*Records shown:*
▼

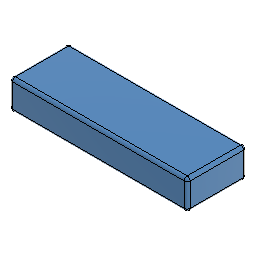
07-LargeWithLinkedComponents (Autodesk Fusion 360 archive; units mm, degrees)
design "07-LargeWithLinkedComponents_Source_01"
Autodesk Fusion 360 part; units mm, degrees
sketch "Sketch1" plane through (0, 0, 0) normal (0, 0, 1) x (1, 0, 0)
  line L0 (-30, 10) -> (30, 10)
  line L1 (30, 10) -> (30, 30)
  line L2 (30, 30) -> (-30, 30)
  line L3 (-30, 30) -> (-30, 10)
  line L4 (-30, 10) -> (30, 30) construction
  line L5 (30, 10) -> (-30, 30) construction
  point P0 (30, 10)
  point P1 (0, 20)
  dimension "d14" = 20
  dimension "d15" = 60
  constraint horizontal L0
  constraint perpendicular L0 L1
  constraint parallel L0 L2
  constraint parallel L1 L3
  constraint coincident L4 P1
  constraint coincident L5 P1
  constraint coincident P0 L0.end
  measures "d14" distance of P0 L1.end
  measures "d15" distance of L1.end L2.end
extrude "Extrude1" add sketch "Sketch1" along normal blind 10
fillet "Fillet1" radius 1 4 faces at (-10, 10, 3.3333) (-10, 23.3333, 10) (10, 30, 3.3333) (-10, 23.3333, 0)
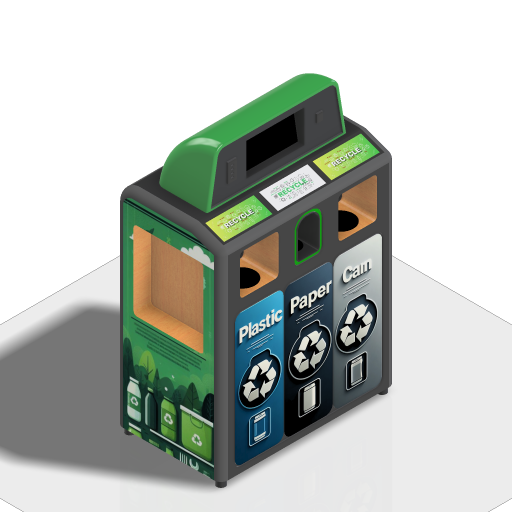
# Autodesk Inventor part: CARCASA_V1
Saved by Autodesk Inventor 2024.1 (Build 281209000, 209)
## iProperties
Created: 2024-04-15
Part Number: CARCASA_V1
Material: Acetal Resin, Black
Document SubType Name: Modeling
Designer: Niler
Density: 1.425 g/cm^3
Appearance: Smooth - Black
Mass: 8112 g
Surface Area: 76616.3 cm^2
Volume: 7652.83 cm^3
Author: Niler
Autodesk Inventor part; units mm, degrees
ref_plane "YZ Plane" through (0, 0, 0) normal (1, 0, 0) x (0, 1, 0)
ref_plane "XZ Plane" through (0, 0, 0) normal (0, 1, 0) x (-1, 0, 0)
ref_plane "XY Plane" through (0, 0, 0) normal (0, 0, 1) x (1, 0, 0)
sketch "Sketch1" plane through (0, 0, 0) normal (0, 1, 0) x (-1, 0, 0)
  line L0 (-300, 500) -> (300, 500)
  line L1 (300, 500) -> (300, -500)
  line L2 (300, -500) -> (-300, -500)
  line L3 (-300, -500) -> (-300, 500)
  line L4 (-300, 500) -> (300, -500) construction
  line L5 (300, 500) -> (-300, -500) construction
  point P0 (0, 0)
  dimension "d0" = 600
  dimension "d1" = 1000
  constraints: 12 end point, 2 midpoint, 2 parallel, 1 horizontal, 1 perpendicular
  measures "d0" distance of L1.end L2.end
  measures "d1" distance of L0.end L1.end
extrude "Extrusion1" add sketch "Sketch1" along normal blind 1200
chamfer "Chamfer1" distance 60 angle 70 1 edges at (300, 1200, 0) measured on face at (300, 1199.5, 0)
fillet "Fillet1" radius 40 10 edges at (300, 570, 500) (-300, 600, 500) (-300, 600, -500) (300, 570, -500) (217.5757, 1170, 500) (217.5757, 1170, -500) (-82.4243, 1200, 500) (-82.4243, 1200, -500) (135.1514, 1200, 0) (300, 1140, 0)
sketch "Sketch3" plane through (-260, 0, 500) normal (0, 0, 1) x (1, 0, 0)
  line L0 (0, 0) -> (0, 1160) projected
  line L1 (0, 0) -> (520, 0) projected
  line L2 (520, 1111.9917) -> (520, 0) projected
  line L3 (388.0983, 1160) -> (520, 1111.9917) projected
  line L4 (0, 1160) -> (388.0983, 1160) projected
  line L5 (80, 1040) -> (440, 1040)
  line L6 (460, 1020) -> (460, 610)
  line L7 (440, 590) -> (80, 590)
  line L8 (60, 610) -> (60, 1020)
  arc A0 (80, 1040) -> (60, 1020) centre (80, 1020) ccw
  arc A1 (460, 1020) -> (440, 1040) centre (440, 1020) ccw
  arc A2 (440, 590) -> (460, 610) centre (440, 610) ccw
  arc A3 (60, 610) -> (80, 590) centre (80, 610) ccw
  point P0 (260, 0)
  dimension "d9" = 20
  dimension "d10" = 60
  dimension "d11" = 60
  dimension "d12" = 120
  dimension "d13" = 450
  constraints: 8 end point, 8 point on circle, 8 tangent, 4 centre point, 3 equal radius, 2 parallel, 1 horizontal, 1 perpendicular
  measures "d9" radius of A0
  measures "d10" distance between parallel lines of L2 L6
  measures "d11" distance between parallel lines of L0 L8
  measures "d12" distance between parallel lines of L4 L5
  measures "d13" distance between parallel lines of L7 L5
extrude "Extrusion2" cut sketch "Sketch3" against normal blind 100 contours L5 A1 L6 A2 L7 A3 L8 A0
sketch "Sketch4" plane through (300, 0, 460) normal (1, 0, 0) x (0, 0, -1)
  line L0 (0, 0) -> (0, 1111.9917) projected
  line L1 (0, 0) -> (920, 0) projected
  line L2 (920, 1111.9917) -> (920, 0) projected
  line L3 (0, 1111.9917) -> (920, 1111.9917) projected
  line L4 (450, 1081.9917) -> (470, 1081.9917)
  line L5 (520, 1031.9917) -> (520, 891.9917)
  line L6 (510, 881.9917) -> (410, 881.9917)
  line L7 (400, 891.9917) -> (400, 1031.9917)
  arc A0 (450, 1081.9917) -> (400, 1031.9917) centre (450, 1031.9917) ccw
  arc A1 (520, 1031.9917) -> (470, 1081.9917) centre (470, 1031.9917) ccw
  arc A2 (400, 891.9917) -> (410, 881.9917) centre (410, 891.9917) ccw
  arc A3 (510, 881.9917) -> (520, 891.9917) centre (510, 891.9917) ccw
  point P0 (460, 0)
  point P1 (460, 881.9917)
  point P2 (460, 1111.9917)
  point P3 (520, 961.9917)
  dimension "d16" = 150
  dimension "d17" = 200
  dimension "d18" = 120
  dimension "d19" = 50
  dimension "d20" = 10
  constraints: 8 end point, 8 point on circle, 8 tangent, 4 centre point, 3 midpoint, 2 equal radius, 2 parallel, 1 horizontal, 1 perpendicular, 1 vertical alignment
  measures "d16" distance from line of L3 point (520, 961.992)
  measures "d17" distance between parallel lines of L6 L4
  measures "d18" distance between parallel lines of L5 L7
  measures "d19" radius of A0
  measures "d20" radius of A2
extrude "Extrusion3" cut sketch "Sketch4" against normal blind 200 contours L4 A1 L5 A3 L6 A2 L7 A0
sketch "Sketch5" plane through (300, 0, 460) normal (1, 0, 0) x (0, 0, -1)
  arc A0 (510, 881.9917) -> (520, 891.9917) centre (510, 891.9917) ccw projected
  line L0 (510, 881.9917) -> (410, 881.9917) projected
  arc A1 (400, 891.9917) -> (410, 881.9917) centre (410, 891.9917) ccw projected
  line L1 (400, 891.9917) -> (400, 1031.9917) projected
  arc A2 (450, 1081.9917) -> (400, 1031.9917) centre (450, 1031.9917) ccw projected
  line L2 (450, 1081.9917) -> (470, 1081.9917) projected
  arc A3 (520, 1031.9917) -> (470, 1081.9917) centre (470, 1031.9917) ccw projected
  line L3 (520, 1031.9917) -> (520, 891.9917) projected
  line L4 (0, 0) -> (0, 1111.9917) projected
  line L5 (0, 0) -> (920, 0) projected
  line L6 (920, 1111.9917) -> (920, 0) projected
  line L7 (0, 1111.9917) -> (920, 1111.9917) projected
  line L8 (0, 0) -> (0, 1111.9917) projected
  line L9 (920, 1111.9917) -> (920, 0) projected
  line L10 (0, 800) -> (920, 800)
  line L11 (920, 800) -> (920, 0)
  line L12 (920, 0) -> (0, 0)
  line L13 (0, 0) -> (0, 800)
  line L14 (320, 800) -> (320, 0)
  line L15 (460, 800) -> (460, 644.3838)
  line L16 (600, 800) -> (600, 0)
  line L17 (40, 795) -> (40, 40)
  line L18 (40, 40) -> (880, 40)
  line L19 (880, 40) -> (880, 795)
  line L20 (317.5, 800) -> (317.5, 0)
  line L21 (322.5, 800) -> (322.5, 0)
  line L22 (597.5, 800) -> (597.5, 0)
  line L23 (602.5, 800) -> (602.5, 0)
  line L24 (0, 0) -> (920, 0) projected
  line L25 (40, 795) -> (880, 795)
  line L26 (35, 35) -> (35, 800)
  line L27 (35, 800) -> (885, 800)
  line L28 (885, 800) -> (885, 35)
  line L29 (885, 35) -> (35, 35)
  point P0 (460, 0)
  point P1 (0, 800)
  point P2 (602.5, 40)
  point P3 (602.5, 795)
  point P4 (317.5, 40)
  point P5 (317.5, 795)
  point P6 (597.5, 795)
  point P7 (597.5, 40)
  point P8 (322.5, 40)
  point P9 (322.5, 795)
  dimension "d23" = 800
  dimension "d26" = 2.5
  dimension "d27" = 2.5
  dimension "d28" = 2.5
  dimension "d29" = 2.5
  dimension "d30" = 5
  dimension "d33" = 40
  dimension "d34" = 280
  dimension "d35" = 5
  constraints: 38 end point, 8 parallel, 7 point on line, 3 perpendicular, 2 symmetric about line, 1 horizontal, 1 midpoint, 1 vertical, 10 other
  measures "d23" distance between parallel lines of L12 L10
  measures "d26" distance between parallel lines of L14 L20
  measures "d27" distance between parallel lines of L14 L21
  measures "d28" distance between parallel lines of L16 L22
  measures "d29" distance between parallel lines of L16 L23
  measures "d30" distance between parallel lines of L10 L25
  measures "d33" distance between parallel lines of L4 L17
  measures "d34" distance between parallel lines of L17 L14
  measures "d35" distance between parallel lines of L17 L26
extrude "Extrusion4" cut sketch "Sketch5" against normal blind 5 contours L10 L20 L25 L17 L18 L29 L26 | L20 L18 L14 L29 | L10 L14 L25 L20 | L14 L18 L21 L29 | L20 L25 L14 L18 | L10 L21 L25 L14 | L21 L18 L22 L29 | L14 L25 L21 L18 | L28 L29 L23 L18 L19 L25 L10 | L10 L15 L25 L21 | L22 L18 L16 L29 | L23 L25 L16 L10 | L10 L22 L25 L15 | L16 L18 L23 L29 | L22 L25 L16 L18 | L16 L25 L22 L10 | L23 L18 L16 L25
fillet "Fillet2" radius 40 16 edges at (297.5, 795, 420) (297.5, 800, 425) (297.5, 795, 142.5) (297.5, 795, 137.5) (297.5, 40, 420) (297.5, 35, 425) (297.5, 40, 142.5) (297.5, 40, 137.5) (297.5, 40, -137.5) (297.5, 40, -142.5) (297.5, 40, -420) (297.5, 35, -425) (297.5, 800, -425) (297.5, 795, -420) (297.5, 795, -137.5) (297.5, 795, -142.5)
sketch "Sketch6" plane through (300, 0, 460) normal (1, 0, 0) x (0, 0, -1)
  line L0 (510, 881.9917) -> (410, 881.9917) projected
  arc A0 (510, 881.9917) -> (520, 891.9917) centre (510, 891.9917) ccw projected
  line L1 (520, 1031.9917) -> (520, 891.9917) projected
  arc A1 (520, 1031.9917) -> (470, 1081.9917) centre (470, 1031.9917) ccw projected
  line L2 (450, 1081.9917) -> (470, 1081.9917) projected
  arc A2 (450, 1081.9917) -> (400, 1031.9917) centre (450, 1031.9917) ccw projected
  line L3 (400, 891.9917) -> (400, 1031.9917) projected
  arc A3 (400, 891.9917) -> (410, 881.9917) centre (410, 891.9917) ccw projected
  arc A4 (450, 1101.9917) -> (380, 1031.9917) centre (450, 1031.9917) ccw
  line L4 (450, 1101.9917) -> (470, 1101.9917)
  arc A5 (540, 1031.9917) -> (470, 1101.9917) centre (470, 1031.9917) ccw
  line L5 (540, 1031.9917) -> (540, 891.9917)
  arc A6 (510, 861.9917) -> (540, 891.9917) centre (510, 891.9917) ccw
  line L6 (510, 861.9917) -> (410, 861.9917)
  arc A7 (380, 891.9917) -> (410, 861.9917) centre (410, 891.9917) ccw
  line L7 (380, 891.9917) -> (380, 1031.9917)
  arc A8 (450, 1086.9917) -> (395, 1031.9917) centre (450, 1031.9917) ccw
  line L8 (450, 1086.9917) -> (470, 1086.9917)
  arc A9 (525, 1031.9917) -> (470, 1086.9917) centre (470, 1031.9917) ccw
  line L9 (525, 1031.9917) -> (525, 891.9917)
  arc A10 (510, 876.9917) -> (525, 891.9917) centre (510, 891.9917) ccw
  line L10 (510, 876.9917) -> (410, 876.9917)
  arc A11 (395, 891.9917) -> (410, 876.9917) centre (410, 891.9917) ccw
  line L11 (395, 891.9917) -> (395, 1031.9917)
  point P0 (460, 0)
  dimension "d37" = 20
  dimension "d38" = 5
  constraints: 16 end point, 16 point on circle, 8 centre point, 14 other
  measures "d37" distance between parallel lines of L3 L7
  measures "d38" distance between parallel lines of L3 L11
extrude "Extrusion5" cut sketch "Sketch6" against normal blind 5 contours L4 A5 L5 A6 L6 A7 L7 A4
sketch "Sketch7" plane through (300, 881.9917, 50) normal (0, 1, 0) x (1, 0, 0)
  line L0 (0, 100) -> (0, 0) projected
  line L1 (0, 100) -> (-200, 100) projected
  line L2 (-200, 100) -> (-200, 0) projected
  line L3 (0, 0) -> (-200, 0) projected
  circle A0 centre (-100, 50) radius 50
  line L4 (0, 100) -> (0, 0) projected
  point P0 (-300, 50)
  point P1 (0, 50)
  point P2 (-100, 100)
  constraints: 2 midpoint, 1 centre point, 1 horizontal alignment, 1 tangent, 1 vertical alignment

▲

*Exercise directions:*
Only the lines from the beginning of the records up to and including the line with "line L4 (-300, 500)" should appear, exactly as they are, and no pictures.

*Response to this task:*
07-LargeWithLinkedComponents (Autodesk Fusion 360 archive; units mm, degrees)
design "07-LargeWithLinkedComponents_Source_01"
Autodesk Fusion 360 part; units mm, degrees
sketch "Sketch1" plane through (0, 0, 0) normal (0, 0, 1) x (1, 0, 0)
  line L0 (-30, 10) -> (30, 10)
  line L1 (30, 10) -> (30, 30)
  line L2 (30, 30) -> (-30, 30)
  line L3 (-30, 30) -> (-30, 10)
  line L4 (-30, 10) -> (30, 30) construction
  line L5 (30, 10) -> (-30, 30) construction
  point P0 (30, 10)
  point P1 (0, 20)
  dimension "d14" = 20
  dimension "d15" = 60
  constraint horizontal L0
  constraint perpendicular L0 L1
  constraint parallel L0 L2
  constraint parallel L1 L3
  constraint coincident L4 P1
  constraint coincident L5 P1
  constraint coincident P0 L0.end
  measures "d14" distance of P0 L1.end
  measures "d15" distance of L1.end L2.end
extrude "Extrude1" add sketch "Sketch1" along normal blind 10
fillet "Fillet1" radius 1 4 faces at (-10, 10, 3.3333) (-10, 23.3333, 10) (10, 30, 3.3333) (-10, 23.3333, 0)
# Autodesk Inventor part: CARCASA_V1
Saved by Autodesk Inventor 2024.1 (Build 281209000, 209)
## iProperties
Created: 2024-04-15
Part Number: CARCASA_V1
Material: Acetal Resin, Black
Document SubType Name: Modeling
Designer: Niler
Density: 1.425 g/cm^3
Appearance: Smooth - Black
Mass: 8112 g
Surface Area: 76616.3 cm^2
Volume: 7652.83 cm^3
Author: Niler
Autodesk Inventor part; units mm, degrees
ref_plane "YZ Plane" through (0, 0, 0) normal (1, 0, 0) x (0, 1, 0)
ref_plane "XZ Plane" through (0, 0, 0) normal (0, 1, 0) x (-1, 0, 0)
ref_plane "XY Plane" through (0, 0, 0) normal (0, 0, 1) x (1, 0, 0)
sketch "Sketch1" plane through (0, 0, 0) normal (0, 1, 0) x (-1, 0, 0)
  line L0 (-300, 500) -> (300, 500)
  line L1 (300, 500) -> (300, -500)
  line L2 (300, -500) -> (-300, -500)
  line L3 (-300, -500) -> (-300, 500)
  line L4 (-300, 500) -> (300, -500) construction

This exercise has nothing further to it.